• **WORK ITEM**
When you reach the line containing "line L1798 (-158.6, 22.44)" in the data below, begin returning lines exactly as written, and stop once the line containing "line L1813 (-3, 12.42) -> (-3, 17.72)" has been returned.

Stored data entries
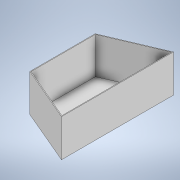
# Autodesk Inventor part: footprint
Saved by Autodesk Inventor 2021 (Build 250183000, 183)
## iProperties
Created: 2020-11-23
Part Number: footprint
Material: Generic
Document SubType Name: Modeling
Designer: gurle
Density: 1 g/cm^3
Appearance: Default
Author: gurle
Autodesk Inventor part; units mm, degrees
ref_plane "YZ Plane" through (0, 0, 0) normal (1, 0, 0) x (0, 1, 0)
ref_plane "XZ Plane" through (0, 0, 0) normal (0, 1, 0) x (-1, 0, 0)
ref_plane "XY Plane" through (0, 0, 0) normal (0, 0, 1) x (1, 0, 0)
sketch "Sketch1" plane through (0, 0, 0) normal (0, 1, 0) x (-1, 0, 0)
  line L0 (0, 0) -> (0, -152.4)
  line L1 (0, -152.4) -> (74.791, -120.6531)
  line L2 (74.791, -120.6531) -> (74.791, -31.7531)
  line L3 (74.791, -31.7531) -> (0, 0)
  dimension "d5" = 152.4
  dimension "d6" = 81.25
  dimension "d7" = 67
  dimension "d8" = 88.9
  constraints: 8 end point, 1 parallel, 1 vertical
  measures "d5" distance of L0.start L0.end
  measures "d6" distance of L0.end L1.end
  measures "d7" angle of L1 L0
  measures "d8" distance of L1.end L2.end
extrude "Extrusion1" add sketch "Sketch1" along normal blind 50.8
shell "Shell1" thickness 1 removed faces 1 at (-24.9303, 50.8, -61.3844)
body "Solid1"
Autodesk Fusion 360 part; units mm, degrees
(part 3 of 3)
  line L1634 (-109.9333, 31.86) -> (-100.9333, 31.86)
  line L1635 (-109.3333, 37.76) -> (-109.3333, 32.46)
  line L1636 (-101.5333, 37.76) -> (-109.3333, 37.76)
  line L1637 (-101.5333, 32.46) -> (-101.5333, 37.76)
  line L1638 (-119.1867, 32.46) -> (-111.3867, 32.46)
  line L1639 (-110.7867, 38.36) -> (-119.7867, 38.36)
  line L1640 (-119.7867, 38.36) -> (-119.7867, 31.86)
  line L1641 (-110.7867, 31.86) -> (-110.7867, 38.36)
  line L1642 (-119.7867, 31.86) -> (-110.7867, 31.86)
  line L1643 (-119.1867, 37.76) -> (-119.1867, 32.46)
  line L1644 (-111.3867, 37.76) -> (-119.1867, 37.76)
  line L1645 (-111.3867, 32.46) -> (-111.3867, 37.76)
  line L1646 (-129.04, 32.46) -> (-121.24, 32.46)
  line L1647 (-120.64, 38.36) -> (-129.64, 38.36)
  line L1648 (-129.64, 38.36) -> (-129.64, 31.86)
  line L1649 (-120.64, 31.86) -> (-120.64, 38.36)
  line L1650 (-129.64, 31.86) -> (-120.64, 31.86)
  line L1651 (-129.04, 37.76) -> (-129.04, 32.46)
  line L1652 (-121.24, 37.76) -> (-129.04, 37.76)
  line L1653 (-121.24, 32.46) -> (-121.24, 37.76)
  line L1654 (-138.8933, 32.46) -> (-131.0933, 32.46)
  line L1655 (-130.4933, 38.36) -> (-139.4933, 38.36)
  line L1656 (-139.4933, 38.36) -> (-139.4933, 31.86)
  line L1657 (-130.4933, 31.86) -> (-130.4933, 38.36)
  line L1658 (-139.4933, 31.86) -> (-130.4933, 31.86)
  line L1659 (-138.8933, 37.76) -> (-138.8933, 32.46)
  line L1660 (-131.0933, 37.76) -> (-138.8933, 37.76)
  line L1661 (-131.0933, 32.46) -> (-131.0933, 37.76)
  line L1662 (-148.7467, 32.46) -> (-140.9467, 32.46)
  line L1663 (-140.3467, 38.36) -> (-149.3467, 38.36)
  line L1664 (-149.3467, 38.36) -> (-149.3467, 31.86)
  line L1665 (-140.3467, 31.86) -> (-140.3467, 38.36)
  line L1666 (-149.3467, 31.86) -> (-140.3467, 31.86)
  line L1667 (-148.7467, 37.76) -> (-148.7467, 32.46)
  line L1668 (-140.9467, 37.76) -> (-148.7467, 37.76)
  line L1669 (-140.9467, 32.46) -> (-140.9467, 37.76)
  line L1670 (-158.6, 32.46) -> (-150.8, 32.46)
  line L1671 (-150.2, 38.36) -> (-159.2, 38.36)
  line L1672 (-159.2, 38.36) -> (-159.2, 31.86)
  line L1673 (-150.2, 31.86) -> (-150.2, 38.36)
  line L1674 (-159.2, 31.86) -> (-150.2, 31.86)
  line L1675 (-158.6, 37.76) -> (-158.6, 32.46)
  line L1676 (-150.8, 37.76) -> (-158.6, 37.76)
  line L1677 (-150.8, 32.46) -> (-150.8, 37.76)
  line L1678 (-10.8, 22.44) -> (-3, 22.44)
  line L1679 (-2.4, 28.34) -> (-11.4, 28.34)
  line L1680 (-11.4, 28.34) -> (-11.4, 21.84)
  line L1681 (-2.4, 21.84) -> (-2.4, 28.34)
  line L1682 (-11.4, 21.84) -> (-2.4, 21.84)
  line L1683 (-10.8, 27.74) -> (-10.8, 22.44)
  line L1684 (-3, 27.74) -> (-10.8, 27.74)
  line L1685 (-3, 22.44) -> (-3, 27.74)
  line L1686 (-20.6533, 22.44) -> (-12.8533, 22.44)
  line L1687 (-12.2533, 28.34) -> (-21.2533, 28.34)
  line L1688 (-21.2533, 28.34) -> (-21.2533, 21.84)
  line L1689 (-12.2533, 21.84) -> (-12.2533, 28.34)
  line L1690 (-21.2533, 21.84) -> (-12.2533, 21.84)
  line L1691 (-20.6533, 27.74) -> (-20.6533, 22.44)
  line L1692 (-12.8533, 27.74) -> (-20.6533, 27.74)
  line L1693 (-12.8533, 22.44) -> (-12.8533, 27.74)
  line L1694 (-30.5067, 22.44) -> (-22.7067, 22.44)
  line L1695 (-22.1067, 28.34) -> (-31.1067, 28.34)
  line L1696 (-31.1067, 28.34) -> (-31.1067, 21.84)
  line L1697 (-22.1067, 21.84) -> (-22.1067, 28.34)
  line L1698 (-31.1067, 21.84) -> (-22.1067, 21.84)
  line L1699 (-30.5067, 27.74) -> (-30.5067, 22.44)
  line L1700 (-22.7067, 27.74) -> (-30.5067, 27.74)
  line L1701 (-22.7067, 22.44) -> (-22.7067, 27.74)
  line L1702 (-40.36, 22.44) -> (-32.56, 22.44)
  line L1703 (-31.96, 28.34) -> (-40.96, 28.34)
  line L1704 (-40.96, 28.34) -> (-40.96, 21.84)
  line L1705 (-31.96, 21.84) -> (-31.96, 28.34)
  line L1706 (-40.96, 21.84) -> (-31.96, 21.84)
  line L1707 (-40.36, 27.74) -> (-40.36, 22.44)
  line L1708 (-32.56, 27.74) -> (-40.36, 27.74)
  line L1709 (-32.56, 22.44) -> (-32.56, 27.74)
  line L1710 (-50.2133, 22.44) -> (-42.4133, 22.44)
  line L1711 (-41.8133, 28.34) -> (-50.8133, 28.34)
  line L1712 (-50.8133, 28.34) -> (-50.8133, 21.84)
  line L1713 (-41.8133, 21.84) -> (-41.8133, 28.34)
  line L1714 (-50.8133, 21.84) -> (-41.8133, 21.84)
  line L1715 (-50.2133, 27.74) -> (-50.2133, 22.44)
  line L1716 (-42.4133, 27.74) -> (-50.2133, 27.74)
  line L1717 (-42.4133, 22.44) -> (-42.4133, 27.74)
  line L1718 (-60.0667, 22.44) -> (-52.2667, 22.44)
  line L1719 (-51.6667, 28.34) -> (-60.6667, 28.34)
  line L1720 (-60.6667, 28.34) -> (-60.6667, 21.84)
  line L1721 (-51.6667, 21.84) -> (-51.6667, 28.34)
  line L1722 (-60.6667, 21.84) -> (-51.6667, 21.84)
  line L1723 (-60.0667, 27.74) -> (-60.0667, 22.44)
  line L1724 (-52.2667, 27.74) -> (-60.0667, 27.74)
  line L1725 (-52.2667, 22.44) -> (-52.2667, 27.74)
  line L1726 (-69.92, 22.44) -> (-62.12, 22.44)
  line L1727 (-61.52, 28.34) -> (-70.52, 28.34)
  line L1728 (-70.52, 28.34) -> (-70.52, 21.84)
  line L1729 (-61.52, 21.84) -> (-61.52, 28.34)
  line L1730 (-70.52, 21.84) -> (-61.52, 21.84)
  line L1731 (-69.92, 27.74) -> (-69.92, 22.44)
  line L1732 (-62.12, 27.74) -> (-69.92, 27.74)
  line L1733 (-62.12, 22.44) -> (-62.12, 27.74)
  line L1734 (-79.7733, 22.44) -> (-71.9733, 22.44)
  line L1735 (-71.3733, 28.34) -> (-80.3733, 28.34)
  line L1736 (-80.3733, 28.34) -> (-80.3733, 21.84)
  line L1737 (-71.3733, 21.84) -> (-71.3733, 28.34)
  line L1738 (-80.3733, 21.84) -> (-71.3733, 21.84)
  line L1739 (-79.7733, 27.74) -> (-79.7733, 22.44)
  line L1740 (-71.9733, 27.74) -> (-79.7733, 27.74)
  line L1741 (-71.9733, 22.44) -> (-71.9733, 27.74)
  line L1742 (-89.6267, 22.44) -> (-81.8267, 22.44)
  line L1743 (-81.2267, 28.34) -> (-90.2267, 28.34)
  line L1744 (-90.2267, 28.34) -> (-90.2267, 21.84)
  line L1745 (-81.2267, 21.84) -> (-81.2267, 28.34)
  line L1746 (-90.2267, 21.84) -> (-81.2267, 21.84)
  line L1747 (-89.6267, 27.74) -> (-89.6267, 22.44)
  line L1748 (-81.8267, 27.74) -> (-89.6267, 27.74)
  line L1749 (-81.8267, 22.44) -> (-81.8267, 27.74)
  line L1750 (-99.48, 22.44) -> (-91.68, 22.44)
  line L1751 (-91.08, 28.34) -> (-100.08, 28.34)
  line L1752 (-100.08, 28.34) -> (-100.08, 21.84)
  line L1753 (-91.08, 21.84) -> (-91.08, 28.34)
  line L1754 (-100.08, 21.84) -> (-91.08, 21.84)
  line L1755 (-99.48, 27.74) -> (-99.48, 22.44)
  line L1756 (-91.68, 27.74) -> (-99.48, 27.74)
  line L1757 (-91.68, 22.44) -> (-91.68, 27.74)
  line L1758 (-109.3333, 22.44) -> (-101.5333, 22.44)
  line L1759 (-100.9333, 28.34) -> (-109.9333, 28.34)
  line L1760 (-109.9333, 28.34) -> (-109.9333, 21.84)
  line L1761 (-100.9333, 21.84) -> (-100.9333, 28.34)
  line L1762 (-109.9333, 21.84) -> (-100.9333, 21.84)
  line L1763 (-109.3333, 27.74) -> (-109.3333, 22.44)
  line L1764 (-101.5333, 27.74) -> (-109.3333, 27.74)
  line L1765 (-101.5333, 22.44) -> (-101.5333, 27.74)
  line L1766 (-119.1867, 22.44) -> (-111.3867, 22.44)
  line L1767 (-110.7867, 28.34) -> (-119.7867, 28.34)
  line L1768 (-119.7867, 28.34) -> (-119.7867, 21.84)
  line L1769 (-110.7867, 21.84) -> (-110.7867, 28.34)
  line L1770 (-119.7867, 21.84) -> (-110.7867, 21.84)
  line L1771 (-119.1867, 27.74) -> (-119.1867, 22.44)
  line L1772 (-111.3867, 27.74) -> (-119.1867, 27.74)
  line L1773 (-111.3867, 22.44) -> (-111.3867, 27.74)
  line L1774 (-129.04, 22.44) -> (-121.24, 22.44)
  line L1775 (-120.64, 28.34) -> (-129.64, 28.34)
  line L1776 (-129.64, 28.34) -> (-129.64, 21.84)
  line L1777 (-120.64, 21.84) -> (-120.64, 28.34)
  line L1778 (-129.64, 21.84) -> (-120.64, 21.84)
  line L1779 (-129.04, 27.74) -> (-129.04, 22.44)
  line L1780 (-121.24, 27.74) -> (-129.04, 27.74)
  line L1781 (-121.24, 22.44) -> (-121.24, 27.74)
  line L1782 (-138.8933, 22.44) -> (-131.0933, 22.44)
  line L1783 (-130.4933, 28.34) -> (-139.4933, 28.34)
  line L1784 (-139.4933, 28.34) -> (-139.4933, 21.84)
  line L1785 (-130.4933, 21.84) -> (-130.4933, 28.34)
  line L1786 (-139.4933, 21.84) -> (-130.4933, 21.84)
  line L1787 (-138.8933, 27.74) -> (-138.8933, 22.44)
  line L1788 (-131.0933, 27.74) -> (-138.8933, 27.74)
  line L1789 (-131.0933, 22.44) -> (-131.0933, 27.74)
  line L1790 (-148.7467, 22.44) -> (-140.9467, 22.44)
  line L1791 (-140.3467, 28.34) -> (-149.3467, 28.34)
  line L1792 (-149.3467, 28.34) -> (-149.3467, 21.84)
  line L1793 (-140.3467, 21.84) -> (-140.3467, 28.34)
  line L1794 (-149.3467, 21.84) -> (-140.3467, 21.84)
  line L1795 (-148.7467, 27.74) -> (-148.7467, 22.44)
  line L1796 (-140.9467, 27.74) -> (-148.7467, 27.74)
  line L1797 (-140.9467, 22.44) -> (-140.9467, 27.74)
  line L1798 (-158.6, 22.44) -> (-150.8, 22.44)
  line L1799 (-150.2, 28.34) -> (-159.2, 28.34)
  line L1800 (-159.2, 28.34) -> (-159.2, 21.84)
  line L1801 (-150.2, 21.84) -> (-150.2, 28.34)
  line L1802 (-159.2, 21.84) -> (-150.2, 21.84)
  line L1803 (-158.6, 27.74) -> (-158.6, 22.44)
  line L1804 (-150.8, 27.74) -> (-158.6, 27.74)
  line L1805 (-150.8, 22.44) -> (-150.8, 27.74)
  line L1806 (-10.8, 12.42) -> (-3, 12.42)
  line L1807 (-2.4, 18.32) -> (-11.4, 18.32)
  line L1808 (-11.4, 18.32) -> (-11.4, 11.82)
  line L1809 (-2.4, 11.82) -> (-2.4, 18.32)
  line L1810 (-11.4, 11.82) -> (-2.4, 11.82)
  line L1811 (-10.8, 17.72) -> (-10.8, 12.42)
  line L1812 (-3, 17.72) -> (-10.8, 17.72)
  line L1813 (-3, 12.42) -> (-3, 17.72)
  line L1814 (-20.6533, 12.42) -> (-12.8533, 12.42)
  line L1815 (-12.2533, 18.32) -> (-21.2533, 18.32)
  line L1816 (-21.2533, 18.32) -> (-21.2533, 11.82)
  line L1817 (-12.2533, 11.82) -> (-12.2533, 18.32)
  line L1818 (-21.2533, 11.82) -> (-12.2533, 11.82)
  line L1819 (-20.6533, 17.72) -> (-20.6533, 12.42)
  line L1820 (-12.8533, 17.72) -> (-20.6533, 17.72)
  line L1821 (-12.8533, 12.42) -> (-12.8533, 17.72)
  line L1822 (-30.5067, 12.42) -> (-22.7067, 12.42)
  line L1823 (-22.1067, 18.32) -> (-31.1067, 18.32)
  line L1824 (-31.1067, 18.32) -> (-31.1067, 11.82)
  line L1825 (-22.1067, 11.82) -> (-22.1067, 18.32)
  line L1826 (-31.1067, 11.82) -> (-22.1067, 11.82)
  line L1827 (-30.5067, 17.72) -> (-30.5067, 12.42)
  line L1828 (-22.7067, 17.72) -> (-30.5067, 17.72)
  line L1829 (-22.7067, 12.42) -> (-22.7067, 17.72)
  line L1830 (-40.36, 12.42) -> (-32.56, 12.42)
  line L1831 (-31.96, 18.32) -> (-40.96, 18.32)
  line L1832 (-40.96, 18.32) -> (-40.96, 11.82)
  line L1833 (-31.96, 11.82) -> (-31.96, 18.32)
  line L1834 (-40.96, 11.82) -> (-31.96, 11.82)
  line L1835 (-40.36, 17.72) -> (-40.36, 12.42)
  line L1836 (-32.56, 17.72) -> (-40.36, 17.72)
  line L1837 (-32.56, 12.42) -> (-32.56, 17.72)
  line L1838 (-50.2133, 12.42) -> (-42.4133, 12.42)
  line L1839 (-41.8133, 18.32) -> (-50.8133, 18.32)
  line L1840 (-50.8133, 18.32) -> (-50.8133, 11.82)
  line L1841 (-41.8133, 11.82) -> (-41.8133, 18.32)
  line L1842 (-50.8133, 11.82) -> (-41.8133, 11.82)
  line L1843 (-50.2133, 17.72) -> (-50.2133, 12.42)
  line L1844 (-42.4133, 17.72) -> (-50.2133, 17.72)
  line L1845 (-42.4133, 12.42) -> (-42.4133, 17.72)
  line L1846 (-60.0667, 12.42) -> (-52.2667, 12.42)
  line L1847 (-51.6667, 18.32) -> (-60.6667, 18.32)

• **RESPONSE BELOW**
  line L1798 (-158.6, 22.44) -> (-150.8, 22.44)
  line L1799 (-150.2, 28.34) -> (-159.2, 28.34)
  line L1800 (-159.2, 28.34) -> (-159.2, 21.84)
  line L1801 (-150.2, 21.84) -> (-150.2, 28.34)
  line L1802 (-159.2, 21.84) -> (-150.2, 21.84)
  line L1803 (-158.6, 27.74) -> (-158.6, 22.44)
  line L1804 (-150.8, 27.74) -> (-158.6, 27.74)
  line L1805 (-150.8, 22.44) -> (-150.8, 27.74)
  line L1806 (-10.8, 12.42) -> (-3, 12.42)
  line L1807 (-2.4, 18.32) -> (-11.4, 18.32)
  line L1808 (-11.4, 18.32) -> (-11.4, 11.82)
  line L1809 (-2.4, 11.82) -> (-2.4, 18.32)
  line L1810 (-11.4, 11.82) -> (-2.4, 11.82)
  line L1811 (-10.8, 17.72) -> (-10.8, 12.42)
  line L1812 (-3, 17.72) -> (-10.8, 17.72)
  line L1813 (-3, 12.42) -> (-3, 17.72)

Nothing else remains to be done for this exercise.